In this study, we report clinical characteristics, presentations, and outcomes of ED patients who reported ingestion of toxic coffee packets, a new pattern of synthetic cathinone use in Taiwan. Patients ingesting toxic coffee packets usually presented with sympathomimetic symptoms, which were mainly neurologic and cardiovascular symptoms and combative behavior. Mortality was rare in our series, but it did occur. Based on the confirmation test results in 10 patients, we considered that patients who reported ingesting these products were very likely to be exposed to synthetic cathinones. Multiple psychoactive substances exposure after toxic coffee packet ingestion was common.

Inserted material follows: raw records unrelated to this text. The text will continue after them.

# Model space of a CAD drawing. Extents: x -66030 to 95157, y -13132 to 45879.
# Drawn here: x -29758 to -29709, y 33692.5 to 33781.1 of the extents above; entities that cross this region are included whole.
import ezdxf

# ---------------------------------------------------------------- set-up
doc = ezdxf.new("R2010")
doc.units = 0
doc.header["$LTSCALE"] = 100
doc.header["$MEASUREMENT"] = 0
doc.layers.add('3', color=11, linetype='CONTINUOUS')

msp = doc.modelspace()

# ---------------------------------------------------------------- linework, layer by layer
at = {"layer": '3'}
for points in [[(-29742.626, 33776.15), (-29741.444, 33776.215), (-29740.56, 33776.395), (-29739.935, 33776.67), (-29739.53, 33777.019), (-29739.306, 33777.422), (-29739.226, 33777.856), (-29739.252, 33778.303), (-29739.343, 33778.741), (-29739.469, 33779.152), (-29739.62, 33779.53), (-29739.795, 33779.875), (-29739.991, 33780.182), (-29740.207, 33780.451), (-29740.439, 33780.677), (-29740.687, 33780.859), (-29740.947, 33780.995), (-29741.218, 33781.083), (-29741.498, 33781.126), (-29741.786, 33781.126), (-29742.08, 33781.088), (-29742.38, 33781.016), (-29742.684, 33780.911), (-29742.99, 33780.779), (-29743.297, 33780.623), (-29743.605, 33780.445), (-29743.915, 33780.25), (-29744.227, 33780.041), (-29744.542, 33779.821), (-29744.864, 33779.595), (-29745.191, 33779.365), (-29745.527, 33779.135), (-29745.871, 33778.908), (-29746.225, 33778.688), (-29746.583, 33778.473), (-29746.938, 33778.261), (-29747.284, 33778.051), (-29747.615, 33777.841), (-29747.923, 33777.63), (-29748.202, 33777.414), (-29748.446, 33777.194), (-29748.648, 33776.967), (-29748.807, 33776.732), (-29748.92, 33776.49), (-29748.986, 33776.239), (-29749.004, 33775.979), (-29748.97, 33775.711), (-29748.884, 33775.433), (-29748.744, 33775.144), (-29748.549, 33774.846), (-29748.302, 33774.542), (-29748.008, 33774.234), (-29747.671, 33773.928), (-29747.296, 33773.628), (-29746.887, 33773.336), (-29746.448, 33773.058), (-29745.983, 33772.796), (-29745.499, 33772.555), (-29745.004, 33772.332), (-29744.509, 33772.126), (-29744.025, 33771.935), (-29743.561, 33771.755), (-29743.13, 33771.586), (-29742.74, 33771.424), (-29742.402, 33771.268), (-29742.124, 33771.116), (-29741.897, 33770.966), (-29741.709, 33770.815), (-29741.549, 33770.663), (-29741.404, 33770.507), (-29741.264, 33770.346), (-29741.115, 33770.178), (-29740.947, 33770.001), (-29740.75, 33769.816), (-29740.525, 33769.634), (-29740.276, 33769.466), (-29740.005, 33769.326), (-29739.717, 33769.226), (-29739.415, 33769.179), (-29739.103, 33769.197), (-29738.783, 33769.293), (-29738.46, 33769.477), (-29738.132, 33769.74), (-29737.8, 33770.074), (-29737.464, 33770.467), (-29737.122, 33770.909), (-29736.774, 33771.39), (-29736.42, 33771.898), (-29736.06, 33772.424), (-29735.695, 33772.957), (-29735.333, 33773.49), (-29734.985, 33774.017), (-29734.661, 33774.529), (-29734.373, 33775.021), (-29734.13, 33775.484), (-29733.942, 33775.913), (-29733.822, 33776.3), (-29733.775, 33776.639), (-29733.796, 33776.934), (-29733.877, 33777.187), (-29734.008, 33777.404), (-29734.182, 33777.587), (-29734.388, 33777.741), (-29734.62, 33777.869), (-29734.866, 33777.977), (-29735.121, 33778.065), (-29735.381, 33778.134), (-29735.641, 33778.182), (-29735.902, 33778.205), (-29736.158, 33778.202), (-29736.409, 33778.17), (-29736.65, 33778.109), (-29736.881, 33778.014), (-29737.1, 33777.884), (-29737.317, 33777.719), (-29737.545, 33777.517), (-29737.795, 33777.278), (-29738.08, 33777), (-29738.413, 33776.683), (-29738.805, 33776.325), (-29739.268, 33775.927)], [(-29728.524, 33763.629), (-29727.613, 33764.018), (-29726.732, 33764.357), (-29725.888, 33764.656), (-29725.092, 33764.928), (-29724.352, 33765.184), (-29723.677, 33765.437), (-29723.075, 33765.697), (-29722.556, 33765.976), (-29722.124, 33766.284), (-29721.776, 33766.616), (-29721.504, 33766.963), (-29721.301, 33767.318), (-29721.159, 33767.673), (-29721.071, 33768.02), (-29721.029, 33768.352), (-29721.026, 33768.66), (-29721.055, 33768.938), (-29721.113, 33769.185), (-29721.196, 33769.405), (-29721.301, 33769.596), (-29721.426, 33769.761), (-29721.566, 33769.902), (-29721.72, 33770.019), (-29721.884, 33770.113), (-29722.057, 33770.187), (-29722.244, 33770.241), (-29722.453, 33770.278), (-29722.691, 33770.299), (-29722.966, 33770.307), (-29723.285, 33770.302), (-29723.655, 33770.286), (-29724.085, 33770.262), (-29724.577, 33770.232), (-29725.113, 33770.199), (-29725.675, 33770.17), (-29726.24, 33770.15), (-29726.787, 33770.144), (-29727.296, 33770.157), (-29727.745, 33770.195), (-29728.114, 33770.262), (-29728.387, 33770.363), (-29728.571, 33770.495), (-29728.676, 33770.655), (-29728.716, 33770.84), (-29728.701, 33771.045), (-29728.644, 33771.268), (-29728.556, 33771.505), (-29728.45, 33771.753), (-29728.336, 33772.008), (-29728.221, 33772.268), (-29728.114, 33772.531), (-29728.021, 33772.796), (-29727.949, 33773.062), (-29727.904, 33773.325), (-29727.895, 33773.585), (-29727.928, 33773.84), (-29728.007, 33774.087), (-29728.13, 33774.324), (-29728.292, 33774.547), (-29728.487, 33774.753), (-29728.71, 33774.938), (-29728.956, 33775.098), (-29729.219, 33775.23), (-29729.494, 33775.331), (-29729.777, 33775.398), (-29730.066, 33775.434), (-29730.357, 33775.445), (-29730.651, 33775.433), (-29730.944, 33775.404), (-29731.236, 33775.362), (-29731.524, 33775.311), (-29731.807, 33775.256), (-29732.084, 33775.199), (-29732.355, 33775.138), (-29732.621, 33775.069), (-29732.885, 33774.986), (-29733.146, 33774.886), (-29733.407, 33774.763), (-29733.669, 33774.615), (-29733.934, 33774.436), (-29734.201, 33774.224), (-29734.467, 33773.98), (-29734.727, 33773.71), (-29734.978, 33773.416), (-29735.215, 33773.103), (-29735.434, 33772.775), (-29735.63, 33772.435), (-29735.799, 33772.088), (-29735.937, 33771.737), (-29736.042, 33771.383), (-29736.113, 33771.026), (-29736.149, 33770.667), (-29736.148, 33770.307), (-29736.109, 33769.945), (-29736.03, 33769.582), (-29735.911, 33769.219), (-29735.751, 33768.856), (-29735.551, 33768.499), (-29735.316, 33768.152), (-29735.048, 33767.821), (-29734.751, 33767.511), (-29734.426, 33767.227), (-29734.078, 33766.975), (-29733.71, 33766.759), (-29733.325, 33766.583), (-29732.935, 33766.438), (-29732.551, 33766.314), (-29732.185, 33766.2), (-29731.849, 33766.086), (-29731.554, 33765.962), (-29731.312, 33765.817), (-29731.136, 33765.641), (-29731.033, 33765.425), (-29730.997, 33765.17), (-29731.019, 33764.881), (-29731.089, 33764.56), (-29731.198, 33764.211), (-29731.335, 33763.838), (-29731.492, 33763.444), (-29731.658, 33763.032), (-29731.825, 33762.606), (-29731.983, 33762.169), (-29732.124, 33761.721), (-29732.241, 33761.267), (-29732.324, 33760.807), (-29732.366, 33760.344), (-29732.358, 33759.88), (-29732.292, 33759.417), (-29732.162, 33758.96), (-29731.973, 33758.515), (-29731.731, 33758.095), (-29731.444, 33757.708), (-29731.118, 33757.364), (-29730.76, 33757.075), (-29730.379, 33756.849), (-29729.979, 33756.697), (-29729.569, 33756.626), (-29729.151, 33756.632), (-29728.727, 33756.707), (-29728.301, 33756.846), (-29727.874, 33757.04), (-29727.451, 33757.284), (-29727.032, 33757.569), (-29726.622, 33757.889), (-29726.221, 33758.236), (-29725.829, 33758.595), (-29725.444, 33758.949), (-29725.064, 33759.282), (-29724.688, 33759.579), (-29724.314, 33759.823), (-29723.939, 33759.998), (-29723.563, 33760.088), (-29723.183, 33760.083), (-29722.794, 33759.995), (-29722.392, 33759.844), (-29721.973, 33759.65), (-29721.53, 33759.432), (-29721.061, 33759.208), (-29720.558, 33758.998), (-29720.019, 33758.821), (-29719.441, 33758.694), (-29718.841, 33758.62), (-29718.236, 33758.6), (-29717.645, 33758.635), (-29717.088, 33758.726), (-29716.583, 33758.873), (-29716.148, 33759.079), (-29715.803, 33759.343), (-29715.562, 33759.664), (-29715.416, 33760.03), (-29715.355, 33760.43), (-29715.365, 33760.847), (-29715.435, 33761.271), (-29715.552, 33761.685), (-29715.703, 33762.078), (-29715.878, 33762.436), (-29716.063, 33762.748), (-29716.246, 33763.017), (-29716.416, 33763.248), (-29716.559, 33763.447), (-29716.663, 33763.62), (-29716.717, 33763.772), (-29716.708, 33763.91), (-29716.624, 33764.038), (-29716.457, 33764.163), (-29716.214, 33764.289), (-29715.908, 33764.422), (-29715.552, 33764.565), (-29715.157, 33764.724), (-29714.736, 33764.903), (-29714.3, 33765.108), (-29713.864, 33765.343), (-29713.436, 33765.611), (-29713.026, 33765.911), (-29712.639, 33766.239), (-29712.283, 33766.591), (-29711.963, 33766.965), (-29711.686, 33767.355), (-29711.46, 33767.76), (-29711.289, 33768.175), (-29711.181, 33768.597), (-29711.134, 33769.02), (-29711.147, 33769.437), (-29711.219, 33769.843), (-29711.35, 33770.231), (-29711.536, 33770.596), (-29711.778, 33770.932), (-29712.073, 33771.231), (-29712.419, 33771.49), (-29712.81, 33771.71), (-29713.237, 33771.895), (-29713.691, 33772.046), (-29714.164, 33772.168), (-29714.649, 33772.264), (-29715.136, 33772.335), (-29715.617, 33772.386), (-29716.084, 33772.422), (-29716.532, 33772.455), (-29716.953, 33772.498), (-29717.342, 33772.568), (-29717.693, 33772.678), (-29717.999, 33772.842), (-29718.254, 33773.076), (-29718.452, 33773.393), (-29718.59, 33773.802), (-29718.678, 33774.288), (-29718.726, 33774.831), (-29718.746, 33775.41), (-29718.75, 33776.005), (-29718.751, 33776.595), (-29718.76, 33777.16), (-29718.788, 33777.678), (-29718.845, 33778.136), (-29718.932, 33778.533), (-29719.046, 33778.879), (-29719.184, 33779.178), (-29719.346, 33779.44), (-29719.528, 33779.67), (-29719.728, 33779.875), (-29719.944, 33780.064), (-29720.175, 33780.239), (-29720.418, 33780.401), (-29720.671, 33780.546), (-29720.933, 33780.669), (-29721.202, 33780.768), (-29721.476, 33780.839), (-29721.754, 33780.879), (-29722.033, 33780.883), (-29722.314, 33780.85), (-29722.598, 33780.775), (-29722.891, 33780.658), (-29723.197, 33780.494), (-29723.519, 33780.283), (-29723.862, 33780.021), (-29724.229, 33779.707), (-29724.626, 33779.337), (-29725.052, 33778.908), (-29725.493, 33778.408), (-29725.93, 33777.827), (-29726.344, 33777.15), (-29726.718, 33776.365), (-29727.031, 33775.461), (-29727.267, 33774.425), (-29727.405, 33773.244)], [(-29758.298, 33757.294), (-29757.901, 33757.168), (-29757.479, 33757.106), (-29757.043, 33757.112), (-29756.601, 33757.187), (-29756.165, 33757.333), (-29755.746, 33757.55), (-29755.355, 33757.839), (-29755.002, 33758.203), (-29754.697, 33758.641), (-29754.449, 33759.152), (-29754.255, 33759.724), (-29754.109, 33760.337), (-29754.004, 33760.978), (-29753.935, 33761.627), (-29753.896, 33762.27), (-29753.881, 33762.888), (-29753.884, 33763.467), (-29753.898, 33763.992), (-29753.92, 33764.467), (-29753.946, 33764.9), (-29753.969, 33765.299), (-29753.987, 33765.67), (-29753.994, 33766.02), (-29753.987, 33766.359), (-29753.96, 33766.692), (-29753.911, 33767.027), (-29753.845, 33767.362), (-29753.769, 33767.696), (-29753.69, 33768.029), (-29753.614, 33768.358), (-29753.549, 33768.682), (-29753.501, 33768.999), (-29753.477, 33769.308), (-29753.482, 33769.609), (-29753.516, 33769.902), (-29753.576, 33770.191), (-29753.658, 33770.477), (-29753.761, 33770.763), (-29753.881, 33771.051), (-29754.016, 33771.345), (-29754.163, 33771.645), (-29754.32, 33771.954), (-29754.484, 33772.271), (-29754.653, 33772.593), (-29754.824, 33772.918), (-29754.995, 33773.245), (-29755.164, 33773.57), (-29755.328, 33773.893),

Individuals who ingested toxic coffee packets tended to be young and predominantly male. This finding is similar to some reports of synthetic cathinone poisoning from other countries.^11,22–24 According to data from the Taiwan Food and Drug Administration (TFDA), the most predominant illicit drug used by people older than 40 years old in Taiwan is heroin, followed by amphetamine/methamphetamine. Illicit ketamine and other NPS are more popular in young people aged less than 30 years.¹⁵ A single-center study from Taiwan showed that lab-confirmed NPS users (mean age, 27.0 ± 9.9 years) were significantly younger than traditional drug (heroin or amphetamine/methamphetamine) users (37.0 ± 9.1 years).¹⁹ A possible explanation is that ketamine and toxic coffee packets cost less (10–20 USD for each packet) and are more affordable for young people and students.¹³ Another potential reason is that ketamine and some popular synthetic cathinones (e.g., mephedrone, methylone, chloromethcathinone, methyl-α-ethylaminopentiophenone, 4-chloroethcathinone, and ethylone) are classified as Schedule III drugs in Taiwan. Illicit narcotics and psychoactive agents are divided into four categories (Schedule I to Schedule IV) in Taiwan based on their addictive potential, illicit use liability, and social harm liability.^25,26 Unlike Schedule I or II drugs, illicit use of these Schedule III drugs does not involve criminal responsibility and is punished only with an administrative fine.²⁶ First-time users, usually young people, might feel less guilty and be more willing to use these drugs and share them with friends.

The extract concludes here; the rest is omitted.